▶ **Exercise details**
Repeat nothing but the lines below running from the one containing "#1=APPLICATION_CONTEXT('core data for" to the one containing "#33=ORIENTED_EDGE('',*,*,#32,.F.);". Keep both end lines.

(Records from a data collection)
○ ○ ○ ○ ○
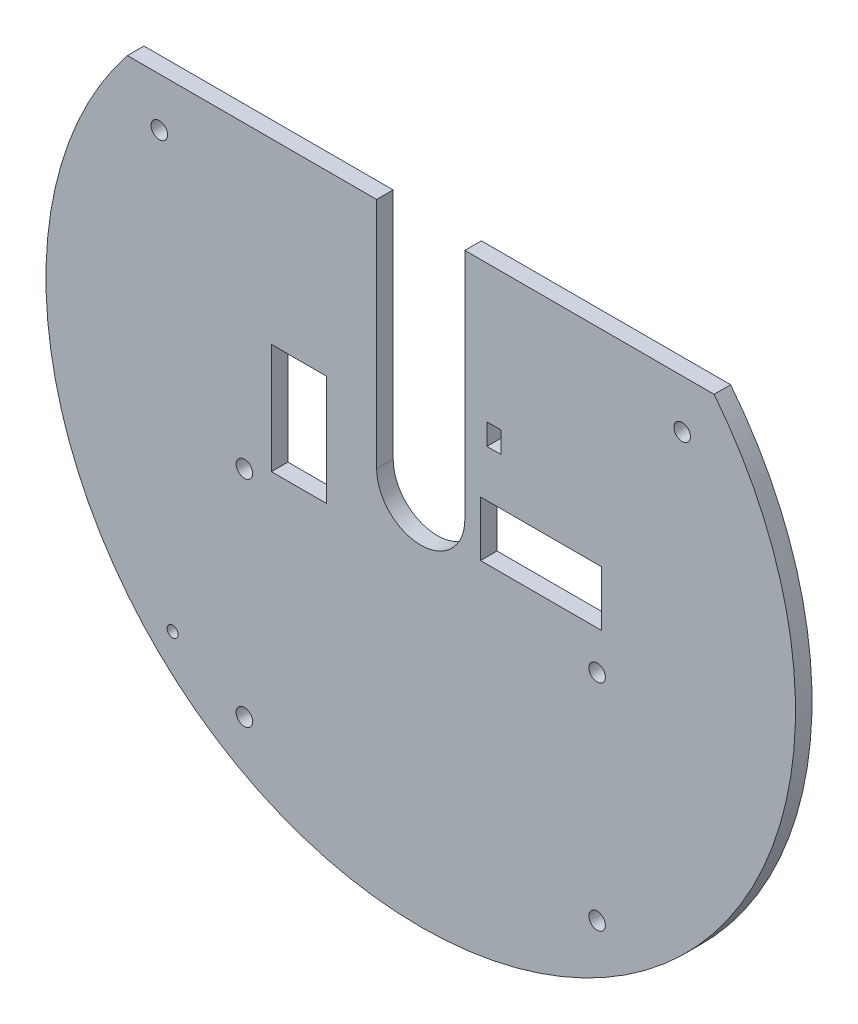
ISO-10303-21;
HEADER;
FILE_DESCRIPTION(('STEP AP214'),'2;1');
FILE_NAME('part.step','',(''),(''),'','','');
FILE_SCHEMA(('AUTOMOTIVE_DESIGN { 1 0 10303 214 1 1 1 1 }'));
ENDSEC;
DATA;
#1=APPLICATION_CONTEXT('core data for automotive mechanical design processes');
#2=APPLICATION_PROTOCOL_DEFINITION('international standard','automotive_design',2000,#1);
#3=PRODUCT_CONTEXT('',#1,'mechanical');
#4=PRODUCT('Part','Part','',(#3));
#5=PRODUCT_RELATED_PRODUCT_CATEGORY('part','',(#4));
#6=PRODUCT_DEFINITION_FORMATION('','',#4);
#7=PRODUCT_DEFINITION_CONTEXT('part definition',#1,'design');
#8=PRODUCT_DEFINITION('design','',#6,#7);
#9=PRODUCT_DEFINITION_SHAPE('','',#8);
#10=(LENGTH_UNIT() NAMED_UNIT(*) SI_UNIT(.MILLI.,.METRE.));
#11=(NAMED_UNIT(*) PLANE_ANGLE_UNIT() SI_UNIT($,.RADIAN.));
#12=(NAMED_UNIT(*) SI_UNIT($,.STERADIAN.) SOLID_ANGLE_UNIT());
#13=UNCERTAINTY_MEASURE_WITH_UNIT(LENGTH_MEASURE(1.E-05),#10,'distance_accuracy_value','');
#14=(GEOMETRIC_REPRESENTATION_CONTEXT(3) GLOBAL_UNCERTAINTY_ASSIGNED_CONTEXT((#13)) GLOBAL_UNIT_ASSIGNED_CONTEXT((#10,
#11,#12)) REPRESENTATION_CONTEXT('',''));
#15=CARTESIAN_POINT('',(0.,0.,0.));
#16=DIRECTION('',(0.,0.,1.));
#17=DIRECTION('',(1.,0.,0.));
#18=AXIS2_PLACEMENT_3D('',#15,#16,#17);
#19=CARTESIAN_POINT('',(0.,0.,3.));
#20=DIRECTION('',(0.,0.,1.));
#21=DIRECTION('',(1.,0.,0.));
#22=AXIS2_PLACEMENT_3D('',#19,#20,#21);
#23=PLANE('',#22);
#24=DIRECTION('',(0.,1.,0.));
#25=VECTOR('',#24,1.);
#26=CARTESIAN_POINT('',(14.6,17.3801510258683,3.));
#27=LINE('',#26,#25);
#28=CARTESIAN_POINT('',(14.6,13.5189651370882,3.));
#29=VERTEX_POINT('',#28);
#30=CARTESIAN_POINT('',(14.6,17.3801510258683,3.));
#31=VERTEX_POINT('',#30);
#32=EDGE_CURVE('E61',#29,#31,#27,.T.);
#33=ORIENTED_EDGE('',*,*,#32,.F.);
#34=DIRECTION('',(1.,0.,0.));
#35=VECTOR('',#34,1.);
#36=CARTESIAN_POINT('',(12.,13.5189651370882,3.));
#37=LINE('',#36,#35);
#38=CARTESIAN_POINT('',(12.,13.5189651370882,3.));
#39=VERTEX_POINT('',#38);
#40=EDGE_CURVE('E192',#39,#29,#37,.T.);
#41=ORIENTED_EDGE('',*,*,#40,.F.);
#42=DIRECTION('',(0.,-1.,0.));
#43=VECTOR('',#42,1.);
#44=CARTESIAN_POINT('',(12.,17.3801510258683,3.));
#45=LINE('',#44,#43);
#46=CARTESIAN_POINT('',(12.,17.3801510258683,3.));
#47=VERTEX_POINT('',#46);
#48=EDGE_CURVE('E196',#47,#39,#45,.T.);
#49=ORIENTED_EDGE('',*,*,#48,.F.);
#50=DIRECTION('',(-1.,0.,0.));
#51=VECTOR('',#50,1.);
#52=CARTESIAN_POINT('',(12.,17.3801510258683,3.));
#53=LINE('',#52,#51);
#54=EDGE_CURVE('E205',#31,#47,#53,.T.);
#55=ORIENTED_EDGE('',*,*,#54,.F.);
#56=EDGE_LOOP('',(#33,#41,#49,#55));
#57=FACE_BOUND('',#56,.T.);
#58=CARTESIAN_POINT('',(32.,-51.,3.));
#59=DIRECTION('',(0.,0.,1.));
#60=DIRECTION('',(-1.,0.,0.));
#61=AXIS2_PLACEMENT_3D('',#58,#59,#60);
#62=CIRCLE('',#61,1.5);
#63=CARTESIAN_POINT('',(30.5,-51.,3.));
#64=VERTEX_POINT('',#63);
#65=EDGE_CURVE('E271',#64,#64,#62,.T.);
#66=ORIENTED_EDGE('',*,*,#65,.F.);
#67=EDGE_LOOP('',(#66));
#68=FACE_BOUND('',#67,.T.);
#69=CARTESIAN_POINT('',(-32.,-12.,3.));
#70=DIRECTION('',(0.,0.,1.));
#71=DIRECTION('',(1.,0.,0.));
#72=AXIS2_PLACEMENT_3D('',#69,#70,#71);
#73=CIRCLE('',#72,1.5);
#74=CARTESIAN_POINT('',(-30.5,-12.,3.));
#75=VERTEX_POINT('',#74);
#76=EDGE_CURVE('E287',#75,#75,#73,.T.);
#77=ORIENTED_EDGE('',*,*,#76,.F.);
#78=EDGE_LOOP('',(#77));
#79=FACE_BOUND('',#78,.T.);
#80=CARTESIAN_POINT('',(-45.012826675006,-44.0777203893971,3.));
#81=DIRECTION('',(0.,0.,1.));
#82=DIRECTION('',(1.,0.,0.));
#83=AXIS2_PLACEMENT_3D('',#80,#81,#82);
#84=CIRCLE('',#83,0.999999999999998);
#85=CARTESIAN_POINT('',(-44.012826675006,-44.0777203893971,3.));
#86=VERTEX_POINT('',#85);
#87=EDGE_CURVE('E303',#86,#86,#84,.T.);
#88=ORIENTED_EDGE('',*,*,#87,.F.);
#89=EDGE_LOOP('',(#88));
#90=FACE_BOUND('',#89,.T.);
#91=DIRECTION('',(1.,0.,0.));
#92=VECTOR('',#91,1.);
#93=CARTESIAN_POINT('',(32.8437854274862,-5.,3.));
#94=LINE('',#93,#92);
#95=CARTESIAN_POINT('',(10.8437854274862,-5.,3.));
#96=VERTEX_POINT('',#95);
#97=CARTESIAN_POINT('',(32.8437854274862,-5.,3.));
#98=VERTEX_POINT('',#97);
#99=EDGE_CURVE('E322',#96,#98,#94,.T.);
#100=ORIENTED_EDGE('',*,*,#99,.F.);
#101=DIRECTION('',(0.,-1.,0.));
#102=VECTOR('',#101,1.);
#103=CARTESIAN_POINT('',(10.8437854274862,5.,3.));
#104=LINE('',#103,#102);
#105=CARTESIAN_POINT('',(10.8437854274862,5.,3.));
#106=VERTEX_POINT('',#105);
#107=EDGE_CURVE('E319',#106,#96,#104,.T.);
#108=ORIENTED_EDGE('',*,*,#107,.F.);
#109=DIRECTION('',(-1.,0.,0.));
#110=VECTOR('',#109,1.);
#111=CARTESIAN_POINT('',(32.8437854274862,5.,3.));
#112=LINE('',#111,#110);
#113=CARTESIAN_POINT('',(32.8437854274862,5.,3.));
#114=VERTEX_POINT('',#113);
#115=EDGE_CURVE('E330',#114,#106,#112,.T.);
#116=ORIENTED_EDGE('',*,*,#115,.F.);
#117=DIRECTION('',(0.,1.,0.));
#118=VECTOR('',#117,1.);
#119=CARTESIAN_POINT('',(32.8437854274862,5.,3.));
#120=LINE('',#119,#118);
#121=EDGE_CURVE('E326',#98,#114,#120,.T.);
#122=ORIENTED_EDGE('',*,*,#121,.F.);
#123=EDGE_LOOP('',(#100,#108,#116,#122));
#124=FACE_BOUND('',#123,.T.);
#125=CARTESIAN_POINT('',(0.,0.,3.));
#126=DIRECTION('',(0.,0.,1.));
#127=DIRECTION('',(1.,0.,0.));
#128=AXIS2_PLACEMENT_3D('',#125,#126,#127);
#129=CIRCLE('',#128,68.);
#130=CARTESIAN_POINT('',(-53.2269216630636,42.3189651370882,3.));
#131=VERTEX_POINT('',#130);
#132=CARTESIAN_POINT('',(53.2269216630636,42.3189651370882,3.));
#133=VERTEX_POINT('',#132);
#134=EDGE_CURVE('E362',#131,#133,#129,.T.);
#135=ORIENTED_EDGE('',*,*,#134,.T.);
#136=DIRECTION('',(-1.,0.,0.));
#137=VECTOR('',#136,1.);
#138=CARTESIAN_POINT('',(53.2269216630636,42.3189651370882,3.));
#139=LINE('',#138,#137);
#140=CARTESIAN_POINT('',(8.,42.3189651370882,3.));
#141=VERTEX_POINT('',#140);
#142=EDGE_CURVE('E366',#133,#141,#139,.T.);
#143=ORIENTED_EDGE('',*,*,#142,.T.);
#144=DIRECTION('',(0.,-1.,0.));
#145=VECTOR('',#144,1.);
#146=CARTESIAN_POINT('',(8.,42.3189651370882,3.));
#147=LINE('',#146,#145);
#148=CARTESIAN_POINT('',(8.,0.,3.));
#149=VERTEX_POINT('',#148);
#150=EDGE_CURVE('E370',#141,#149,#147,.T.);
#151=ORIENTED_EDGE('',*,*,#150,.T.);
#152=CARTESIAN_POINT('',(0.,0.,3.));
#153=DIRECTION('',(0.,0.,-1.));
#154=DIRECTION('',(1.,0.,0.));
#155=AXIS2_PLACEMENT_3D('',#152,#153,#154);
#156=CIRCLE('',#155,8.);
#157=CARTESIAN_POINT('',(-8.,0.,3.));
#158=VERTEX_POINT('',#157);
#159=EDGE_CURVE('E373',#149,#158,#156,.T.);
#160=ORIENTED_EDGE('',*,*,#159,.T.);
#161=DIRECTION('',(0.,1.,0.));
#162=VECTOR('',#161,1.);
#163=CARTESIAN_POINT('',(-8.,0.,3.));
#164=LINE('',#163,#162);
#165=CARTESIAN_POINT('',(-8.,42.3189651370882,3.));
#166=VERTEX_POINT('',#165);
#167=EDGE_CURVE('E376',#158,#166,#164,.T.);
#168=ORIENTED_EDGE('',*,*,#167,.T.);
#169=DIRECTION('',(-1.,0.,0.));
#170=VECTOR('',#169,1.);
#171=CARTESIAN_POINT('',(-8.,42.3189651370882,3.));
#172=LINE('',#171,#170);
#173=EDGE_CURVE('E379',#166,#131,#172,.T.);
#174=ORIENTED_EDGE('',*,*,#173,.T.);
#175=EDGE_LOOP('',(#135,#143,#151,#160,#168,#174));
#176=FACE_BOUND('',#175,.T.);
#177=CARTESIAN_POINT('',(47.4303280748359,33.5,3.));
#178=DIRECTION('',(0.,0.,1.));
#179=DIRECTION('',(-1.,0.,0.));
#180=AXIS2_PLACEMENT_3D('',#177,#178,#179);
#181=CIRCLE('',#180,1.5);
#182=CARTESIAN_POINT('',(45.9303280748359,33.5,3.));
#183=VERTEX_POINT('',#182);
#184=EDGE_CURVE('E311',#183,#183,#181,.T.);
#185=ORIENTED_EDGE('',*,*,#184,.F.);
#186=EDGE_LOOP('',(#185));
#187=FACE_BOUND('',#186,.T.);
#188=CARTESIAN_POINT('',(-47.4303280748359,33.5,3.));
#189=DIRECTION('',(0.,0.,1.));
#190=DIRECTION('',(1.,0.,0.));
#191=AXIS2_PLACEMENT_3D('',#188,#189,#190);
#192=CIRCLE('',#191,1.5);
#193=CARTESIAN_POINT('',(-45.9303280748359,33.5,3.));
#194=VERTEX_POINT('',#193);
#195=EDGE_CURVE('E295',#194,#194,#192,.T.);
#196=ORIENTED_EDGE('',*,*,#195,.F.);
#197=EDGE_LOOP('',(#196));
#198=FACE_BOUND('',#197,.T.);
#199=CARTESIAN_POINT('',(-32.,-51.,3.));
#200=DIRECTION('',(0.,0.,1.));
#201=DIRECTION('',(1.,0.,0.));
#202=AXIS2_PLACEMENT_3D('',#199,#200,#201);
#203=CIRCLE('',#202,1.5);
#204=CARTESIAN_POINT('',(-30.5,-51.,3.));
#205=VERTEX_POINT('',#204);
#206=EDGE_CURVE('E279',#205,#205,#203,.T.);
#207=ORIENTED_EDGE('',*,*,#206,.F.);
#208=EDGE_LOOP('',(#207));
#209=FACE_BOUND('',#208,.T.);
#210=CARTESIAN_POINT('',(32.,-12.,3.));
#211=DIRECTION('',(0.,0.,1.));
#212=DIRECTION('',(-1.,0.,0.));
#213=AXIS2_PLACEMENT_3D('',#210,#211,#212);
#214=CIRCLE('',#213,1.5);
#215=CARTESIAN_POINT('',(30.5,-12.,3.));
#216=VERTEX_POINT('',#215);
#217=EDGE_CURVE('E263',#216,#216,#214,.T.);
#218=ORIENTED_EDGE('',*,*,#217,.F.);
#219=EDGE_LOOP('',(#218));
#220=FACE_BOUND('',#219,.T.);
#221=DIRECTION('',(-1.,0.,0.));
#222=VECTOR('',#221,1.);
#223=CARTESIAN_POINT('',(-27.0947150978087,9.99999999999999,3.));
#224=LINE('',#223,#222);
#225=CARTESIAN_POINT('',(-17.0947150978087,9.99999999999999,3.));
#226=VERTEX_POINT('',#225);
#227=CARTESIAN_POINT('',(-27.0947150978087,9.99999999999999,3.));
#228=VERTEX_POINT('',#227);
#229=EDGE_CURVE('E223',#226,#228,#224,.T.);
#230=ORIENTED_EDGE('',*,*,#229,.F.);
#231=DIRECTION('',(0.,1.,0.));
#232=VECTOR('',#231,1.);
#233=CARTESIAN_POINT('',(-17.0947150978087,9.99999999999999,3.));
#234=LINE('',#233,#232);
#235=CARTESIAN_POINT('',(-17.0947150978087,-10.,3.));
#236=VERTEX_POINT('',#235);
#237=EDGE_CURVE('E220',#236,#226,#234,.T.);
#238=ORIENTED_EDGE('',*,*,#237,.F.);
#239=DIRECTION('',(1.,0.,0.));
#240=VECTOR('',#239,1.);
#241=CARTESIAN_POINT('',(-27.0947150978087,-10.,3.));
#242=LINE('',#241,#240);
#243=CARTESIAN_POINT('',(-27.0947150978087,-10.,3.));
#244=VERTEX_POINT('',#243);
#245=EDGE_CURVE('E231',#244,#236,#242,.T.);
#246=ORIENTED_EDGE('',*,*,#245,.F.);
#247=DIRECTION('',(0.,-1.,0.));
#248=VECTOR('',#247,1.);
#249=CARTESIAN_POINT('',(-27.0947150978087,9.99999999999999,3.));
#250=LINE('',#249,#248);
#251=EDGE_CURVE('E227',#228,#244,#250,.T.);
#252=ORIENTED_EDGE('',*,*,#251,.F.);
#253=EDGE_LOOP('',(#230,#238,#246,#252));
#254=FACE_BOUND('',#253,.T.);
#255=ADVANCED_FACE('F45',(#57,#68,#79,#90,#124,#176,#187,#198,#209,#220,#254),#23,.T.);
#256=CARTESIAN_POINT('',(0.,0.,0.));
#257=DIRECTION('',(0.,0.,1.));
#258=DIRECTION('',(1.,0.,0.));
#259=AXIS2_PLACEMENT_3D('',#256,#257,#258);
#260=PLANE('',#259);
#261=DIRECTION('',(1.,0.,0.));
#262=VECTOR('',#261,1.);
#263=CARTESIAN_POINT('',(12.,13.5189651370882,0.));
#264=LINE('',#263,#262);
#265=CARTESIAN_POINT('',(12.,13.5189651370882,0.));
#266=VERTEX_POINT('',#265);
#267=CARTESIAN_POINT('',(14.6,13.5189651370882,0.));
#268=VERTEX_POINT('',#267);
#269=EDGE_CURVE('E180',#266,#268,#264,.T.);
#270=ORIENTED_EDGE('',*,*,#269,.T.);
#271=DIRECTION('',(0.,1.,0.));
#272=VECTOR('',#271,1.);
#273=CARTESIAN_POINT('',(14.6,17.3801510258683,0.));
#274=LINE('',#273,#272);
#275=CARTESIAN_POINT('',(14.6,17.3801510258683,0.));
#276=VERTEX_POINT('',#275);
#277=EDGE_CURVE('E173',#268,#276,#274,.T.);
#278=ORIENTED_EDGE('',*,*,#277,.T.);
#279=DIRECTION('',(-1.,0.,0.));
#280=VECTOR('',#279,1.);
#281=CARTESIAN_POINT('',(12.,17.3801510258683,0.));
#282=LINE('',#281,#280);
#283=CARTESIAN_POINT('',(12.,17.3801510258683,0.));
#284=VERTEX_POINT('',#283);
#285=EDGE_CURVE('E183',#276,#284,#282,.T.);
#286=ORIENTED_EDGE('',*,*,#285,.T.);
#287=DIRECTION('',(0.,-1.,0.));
○ ○ ○ ○ ○
▶ **Exercise output**
#1=APPLICATION_CONTEXT('core data for automotive mechanical design processes');
#2=APPLICATION_PROTOCOL_DEFINITION('international standard','automotive_design',2000,#1);
#3=PRODUCT_CONTEXT('',#1,'mechanical');
#4=PRODUCT('Part','Part','',(#3));
#5=PRODUCT_RELATED_PRODUCT_CATEGORY('part','',(#4));
#6=PRODUCT_DEFINITION_FORMATION('','',#4);
#7=PRODUCT_DEFINITION_CONTEXT('part definition',#1,'design');
#8=PRODUCT_DEFINITION('design','',#6,#7);
#9=PRODUCT_DEFINITION_SHAPE('','',#8);
#10=(LENGTH_UNIT() NAMED_UNIT(*) SI_UNIT(.MILLI.,.METRE.));
#11=(NAMED_UNIT(*) PLANE_ANGLE_UNIT() SI_UNIT($,.RADIAN.));
#12=(NAMED_UNIT(*) SI_UNIT($,.STERADIAN.) SOLID_ANGLE_UNIT());
#13=UNCERTAINTY_MEASURE_WITH_UNIT(LENGTH_MEASURE(1.E-05),#10,'distance_accuracy_value','');
#14=(GEOMETRIC_REPRESENTATION_CONTEXT(3) GLOBAL_UNCERTAINTY_ASSIGNED_CONTEXT((#13)) GLOBAL_UNIT_ASSIGNED_CONTEXT((#10,
#11,#12)) REPRESENTATION_CONTEXT('',''));
#15=CARTESIAN_POINT('',(0.,0.,0.));
#16=DIRECTION('',(0.,0.,1.));
#17=DIRECTION('',(1.,0.,0.));
#18=AXIS2_PLACEMENT_3D('',#15,#16,#17);
#19=CARTESIAN_POINT('',(0.,0.,3.));
#20=DIRECTION('',(0.,0.,1.));
#21=DIRECTION('',(1.,0.,0.));
#22=AXIS2_PLACEMENT_3D('',#19,#20,#21);
#23=PLANE('',#22);
#24=DIRECTION('',(0.,1.,0.));
#25=VECTOR('',#24,1.);
#26=CARTESIAN_POINT('',(14.6,17.3801510258683,3.));
#27=LINE('',#26,#25);
#28=CARTESIAN_POINT('',(14.6,13.5189651370882,3.));
#29=VERTEX_POINT('',#28);
#30=CARTESIAN_POINT('',(14.6,17.3801510258683,3.));
#31=VERTEX_POINT('',#30);
#32=EDGE_CURVE('E61',#29,#31,#27,.T.);
#33=ORIENTED_EDGE('',*,*,#32,.F.);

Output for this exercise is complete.